On traduit votre besoin métier en cahier des charges défendable, on challenge les devis, on pilote la réalisation et on recette à votre place. Avec une différence : celui qui lit le devis technique a écrit du code pendant vingt ans.

La définition

Qu'est-ce que l'AMOA (assistance à maîtrise d'ouvrage) ?

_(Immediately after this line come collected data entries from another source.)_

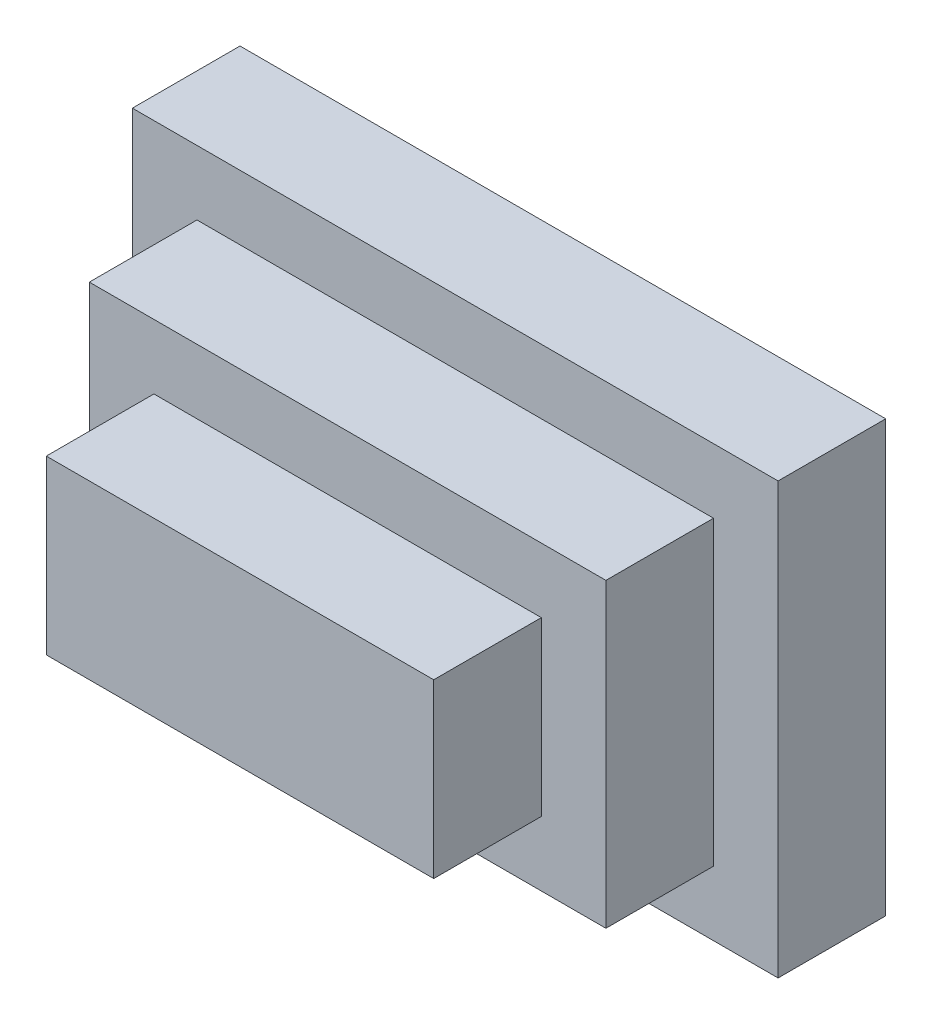
from build123d import *

# Parameters (mm, degrees)
SKETCH2_W           = 300
SKETCH2_H           = 200
BOSS_EXTRUDE1_DEPTH = 50
SKETCH3_W           = 240
SKETCH3_H           = 140
BOSS_EXTRUDE2_DEPTH = 50
SKETCH4_W           = 180
SKETCH4_H           = 80
BOSS_EXTRUDE3_DEPTH = 50
SKETCH3_2_W         = 240
SKETCH3_2_H         = 140
CUT_EXTRUDE1_DEPTH  = 50
SKETCH4_2_W         = 180
SKETCH4_2_H         = 80
CUT_EXTRUDE2_DEPTH  = 50


with BuildPart() as part:
    # Sketch2 → Boss-Extrude1 (new body)
    with BuildSketch(Plane.XY):
        Rectangle(SKETCH2_W, SKETCH2_H)
    extrude(amount=BOSS_EXTRUDE1_DEPTH)

    # Sketch3 → Boss-Extrude2 (add)
    with BuildSketch(Plane.XY.offset(50)):
        Rectangle(SKETCH3_W, SKETCH3_H)
    extrude(amount=BOSS_EXTRUDE2_DEPTH)

    # Sketch4 → Boss-Extrude3 (add)
    with BuildSketch(Plane.XY.offset(100)):
        Rectangle(SKETCH4_W, SKETCH4_H)
    extrude(amount=BOSS_EXTRUDE3_DEPTH)

    # Sketch3<2> → Cut-Extrude1 (cut)
    with BuildSketch(Plane.XY.offset(50)):
        Rectangle(SKETCH3_2_W, SKETCH3_2_H)
    extrude(amount=-CUT_EXTRUDE1_DEPTH, mode=Mode.SUBTRACT)


with BuildPart() as cut_extrude1_piece_1:
    # of the separate pieces the step leaves, piece 1, a body of its own (cut_extrude1_pieces)
    add(part.part.solids().sort_by_distance((-120, 70, 100))[0])

    # Sketch4<2> → Cut-Extrude2 (cut)
    with BuildSketch(Plane.XY.offset(100)):
        Rectangle(SKETCH4_2_W, SKETCH4_2_H)
    extrude(amount=-CUT_EXTRUDE2_DEPTH, mode=Mode.SUBTRACT)


with BuildPart() as cut_extrude1_piece_2:
    # of the separate pieces the step leaves, piece 2, a body of its own (cut_extrude1_pieces)
    add(part.part.solids().sort_by_distance((-150, 100, 0))[0])


with BuildPart() as cut_extrude2_piece_1:
    # of the separate pieces the step leaves, piece 1, a body of its own (cut_extrude2_pieces)
    add(cut_extrude1_piece_1.part.solids().sort_by_distance((-120, 70, 50))[0])


with BuildPart() as cut_extrude2_piece_2:
    # of the separate pieces the step leaves, piece 2, a body of its own (cut_extrude2_pieces)
    add(cut_extrude1_piece_1.part.solids().sort_by_distance((-90, -40, 150))[0])


solid = Compound([cut_extrude1_piece_2.part, cut_extrude2_piece_1.part, cut_extrude2_piece_2.part])
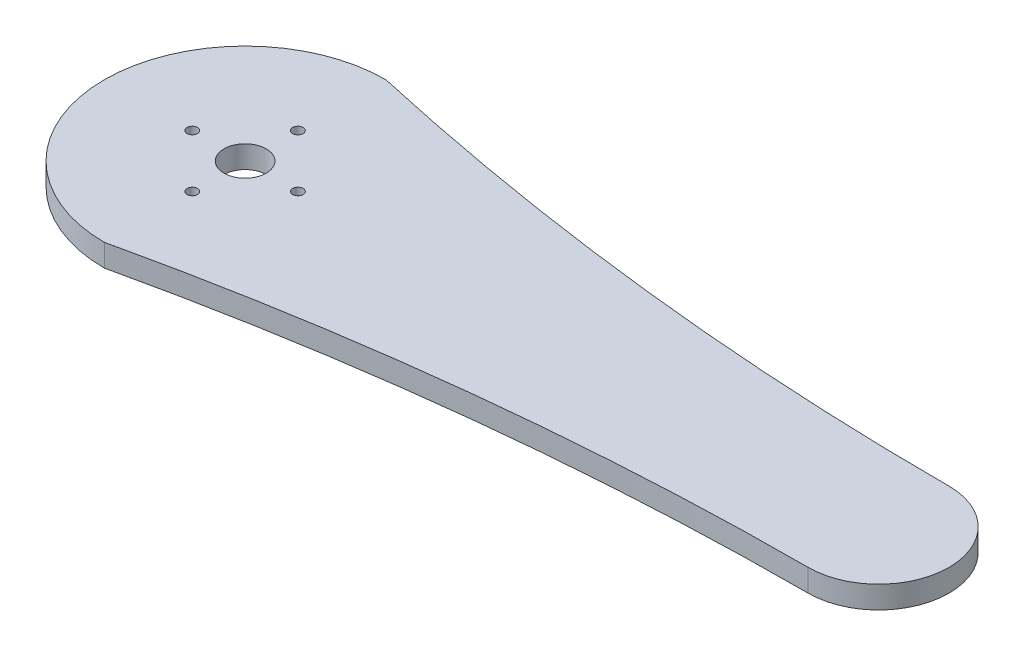
from build123d import *

# Parameters (mm, degrees)
SKETCH3_R           = 3
SKETCH3_R_2         = 0.75
BOSS_EXTRUDE1_DEPTH = 3.175


with BuildPart() as part:
    # Sketch3 → Boss-Extrude1 (new body)
    with BuildSketch(Plane(origin=(0, 0, 0), x_dir=(1, 0, 0), z_dir=(0, 1, 0))):
        with BuildLine():
            ThreePointArc((-40.372263643, 20), (-60.372263643, 0), (-40.372263643, -20))
            ThreePointArc((-40.372263643, -20), (4.350810667, -12.507668784), (49.627736357, -10))
            ThreePointArc((49.627736357, -10), (59.627736357, 0), (49.627736357, 10))
            ThreePointArc((49.627736357, 10), (4.350810667, 12.507668784), (-40.372263643, 20))
        make_face()
        with Locations((-40.372263643, 0)):
            Circle(SKETCH3_R, mode=Mode.SUBTRACT)
        with Locations((-32.872263643, 0)):
            Circle(SKETCH3_R_2, mode=Mode.SUBTRACT)
        with Locations((-47.872263643, 0)):
            Circle(SKETCH3_R_2, mode=Mode.SUBTRACT)
        with Locations((-40.372263643, 7.5)):
            Circle(SKETCH3_R_2, mode=Mode.SUBTRACT)
        with Locations((-40.372263643, -7.5)):
            Circle(SKETCH3_R_2, mode=Mode.SUBTRACT)
    extrude(amount=BOSS_EXTRUDE1_DEPTH)


solid = part.part

Une mission où quelqu'un représente vos intérêts de maître d'ouvrage sur un projet informatique. Concrètement : recueillir l'expression de besoin auprès des métiers, la traduire en cahier des charges et en critères de recette, comparer les prestataires, piloter la réalisation, puis vérifier que ce qui est livré correspond à ce qui était dû. On parle aussi d'assistance MOA, d'assistant à maîtrise d'ouvrage ou d'AMOA informatique. Vous restez le décideur, vous cessez d'être seul face à des interlocuteurs qui maîtrisent le sujet mieux que vous.

Ne pas confondre

AMOA ou AMOE, laquelle vous cherchez ?

La maîtrise d'ouvrage (MOA), c'est vous : celui qui a le besoin, le budget et le dernier mot. La maîtrise d'œuvre (MOE), c'est celui qui construit. L'AMOA vous assiste côté besoin et contrôle, l'assistance à maîtrise d'œuvre (AMOE) assiste celui qui réalise, sur la conception technique et le pilotage du build. Les deux termes s'échangent souvent par erreur dans les appels d'offres. En pratique, si vous cherchez quelqu'un pour vous défendre face à un fournisseur, c'est une AMOA.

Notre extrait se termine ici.